= WHAT YOU WILL DO =
Before you reproduce the entries that follow, strip out any image they contain and keep the rest exact.

= RECORDS SHOWN =

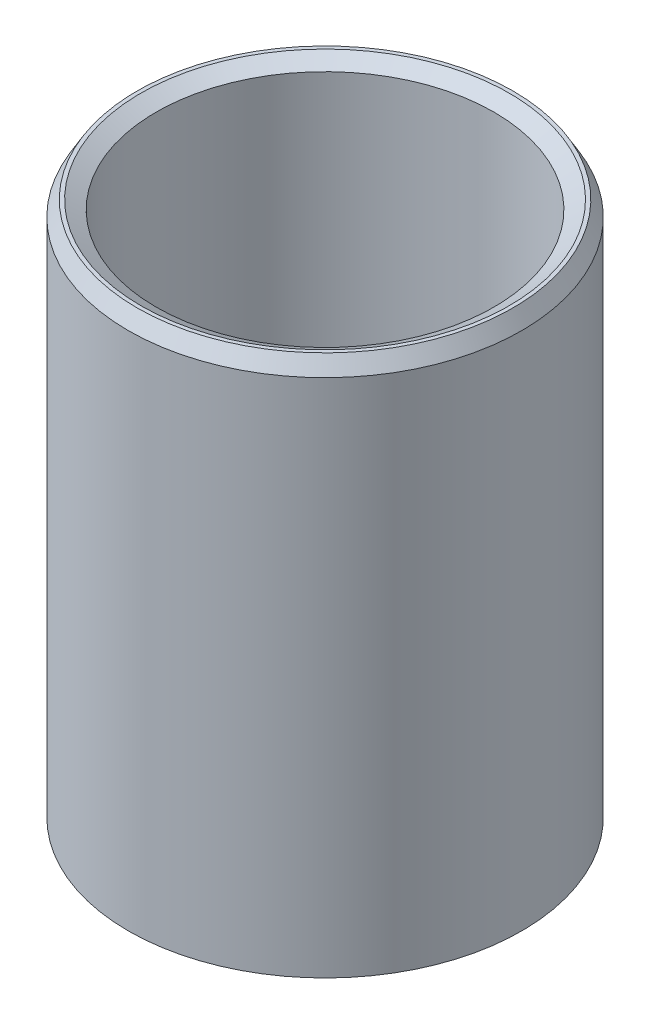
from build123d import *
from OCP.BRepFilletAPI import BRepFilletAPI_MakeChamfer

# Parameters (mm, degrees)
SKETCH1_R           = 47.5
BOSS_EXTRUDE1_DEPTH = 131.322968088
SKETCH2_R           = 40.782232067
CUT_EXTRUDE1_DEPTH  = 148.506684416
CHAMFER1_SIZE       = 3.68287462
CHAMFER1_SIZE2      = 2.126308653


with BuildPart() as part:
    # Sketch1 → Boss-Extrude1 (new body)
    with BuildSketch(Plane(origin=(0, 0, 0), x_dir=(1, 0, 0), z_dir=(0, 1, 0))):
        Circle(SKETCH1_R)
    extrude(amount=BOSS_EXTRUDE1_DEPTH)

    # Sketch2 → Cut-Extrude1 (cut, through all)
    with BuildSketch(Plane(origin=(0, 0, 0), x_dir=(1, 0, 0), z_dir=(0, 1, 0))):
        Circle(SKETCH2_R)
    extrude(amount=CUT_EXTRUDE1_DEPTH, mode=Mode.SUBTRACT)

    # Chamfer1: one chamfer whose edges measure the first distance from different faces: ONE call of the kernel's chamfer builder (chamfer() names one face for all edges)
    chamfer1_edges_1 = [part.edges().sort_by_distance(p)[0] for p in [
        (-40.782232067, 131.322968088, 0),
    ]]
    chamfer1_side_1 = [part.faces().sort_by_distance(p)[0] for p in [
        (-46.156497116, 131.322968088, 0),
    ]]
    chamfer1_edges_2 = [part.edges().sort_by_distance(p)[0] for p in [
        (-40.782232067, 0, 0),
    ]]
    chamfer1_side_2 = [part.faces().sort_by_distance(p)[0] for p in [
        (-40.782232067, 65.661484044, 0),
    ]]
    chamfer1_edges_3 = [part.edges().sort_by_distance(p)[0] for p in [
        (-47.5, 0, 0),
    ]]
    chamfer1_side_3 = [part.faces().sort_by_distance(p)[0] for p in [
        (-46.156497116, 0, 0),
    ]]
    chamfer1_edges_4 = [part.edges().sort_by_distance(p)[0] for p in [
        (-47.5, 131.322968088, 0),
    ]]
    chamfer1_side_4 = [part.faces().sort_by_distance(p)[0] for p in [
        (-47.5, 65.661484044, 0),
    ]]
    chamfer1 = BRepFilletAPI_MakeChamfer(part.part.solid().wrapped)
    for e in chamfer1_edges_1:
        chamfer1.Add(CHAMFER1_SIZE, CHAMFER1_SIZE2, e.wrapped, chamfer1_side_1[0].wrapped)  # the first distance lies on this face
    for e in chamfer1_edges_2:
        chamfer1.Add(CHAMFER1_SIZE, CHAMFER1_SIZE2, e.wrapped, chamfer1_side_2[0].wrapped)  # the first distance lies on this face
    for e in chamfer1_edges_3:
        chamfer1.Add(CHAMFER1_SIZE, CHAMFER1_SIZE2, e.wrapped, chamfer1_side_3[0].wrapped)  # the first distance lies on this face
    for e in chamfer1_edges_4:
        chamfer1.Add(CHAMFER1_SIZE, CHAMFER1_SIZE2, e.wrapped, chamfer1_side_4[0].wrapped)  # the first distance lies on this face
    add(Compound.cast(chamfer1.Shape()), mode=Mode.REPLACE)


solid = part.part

= REPLY =
from build123d import *
from OCP.BRepFilletAPI import BRepFilletAPI_MakeChamfer

# Parameters (mm, degrees)
SKETCH1_R           = 47.5
BOSS_EXTRUDE1_DEPTH = 131.322968088
SKETCH2_R           = 40.782232067
CUT_EXTRUDE1_DEPTH  = 148.506684416
CHAMFER1_SIZE       = 3.68287462
CHAMFER1_SIZE2      = 2.126308653


with BuildPart() as part:
    # Sketch1 → Boss-Extrude1 (new body)
    with BuildSketch(Plane(origin=(0, 0, 0), x_dir=(1, 0, 0), z_dir=(0, 1, 0))):
        Circle(SKETCH1_R)
    extrude(amount=BOSS_EXTRUDE1_DEPTH)

    # Sketch2 → Cut-Extrude1 (cut, through all)
    with BuildSketch(Plane(origin=(0, 0, 0), x_dir=(1, 0, 0), z_dir=(0, 1, 0))):
        Circle(SKETCH2_R)
    extrude(amount=CUT_EXTRUDE1_DEPTH, mode=Mode.SUBTRACT)

    # Chamfer1: one chamfer whose edges measure the first distance from different faces: ONE call of the kernel's chamfer builder (chamfer() names one face for all edges)
    chamfer1_edges_1 = [part.edges().sort_by_distance(p)[0] for p in [
        (-40.782232067, 131.322968088, 0),
    ]]
    chamfer1_side_1 = [part.faces().sort_by_distance(p)[0] for p in [
        (-46.156497116, 131.322968088, 0),
    ]]
    chamfer1_edges_2 = [part.edges().sort_by_distance(p)[0] for p in [
        (-40.782232067, 0, 0),
    ]]
    chamfer1_side_2 = [part.faces().sort_by_distance(p)[0] for p in [
        (-40.782232067, 65.661484044, 0),
    ]]
    chamfer1_edges_3 = [part.edges().sort_by_distance(p)[0] for p in [
        (-47.5, 0, 0),
    ]]
    chamfer1_side_3 = [part.faces().sort_by_distance(p)[0] for p in [
        (-46.156497116, 0, 0),
    ]]
    chamfer1_edges_4 = [part.edges().sort_by_distance(p)[0] for p in [
        (-47.5, 131.322968088, 0),
    ]]
    chamfer1_side_4 = [part.faces().sort_by_distance(p)[0] for p in [
        (-47.5, 65.661484044, 0),
    ]]
    chamfer1 = BRepFilletAPI_MakeChamfer(part.part.solid().wrapped)
    for e in chamfer1_edges_1:
        chamfer1.Add(CHAMFER1_SIZE, CHAMFER1_SIZE2, e.wrapped, chamfer1_side_1[0].wrapped)  # the first distance lies on this face
    for e in chamfer1_edges_2:
        chamfer1.Add(CHAMFER1_SIZE, CHAMFER1_SIZE2, e.wrapped, chamfer1_side_2[0].wrapped)  # the first distance lies on this face
    for e in chamfer1_edges_3:
        chamfer1.Add(CHAMFER1_SIZE, CHAMFER1_SIZE2, e.wrapped, chamfer1_side_3[0].wrapped)  # the first distance lies on this face
    for e in chamfer1_edges_4:
        chamfer1.Add(CHAMFER1_SIZE, CHAMFER1_SIZE2, e.wrapped, chamfer1_side_4[0].wrapped)  # the first distance lies on this face
    add(Compound.cast(chamfer1.Shape()), mode=Mode.REPLACE)


solid = part.part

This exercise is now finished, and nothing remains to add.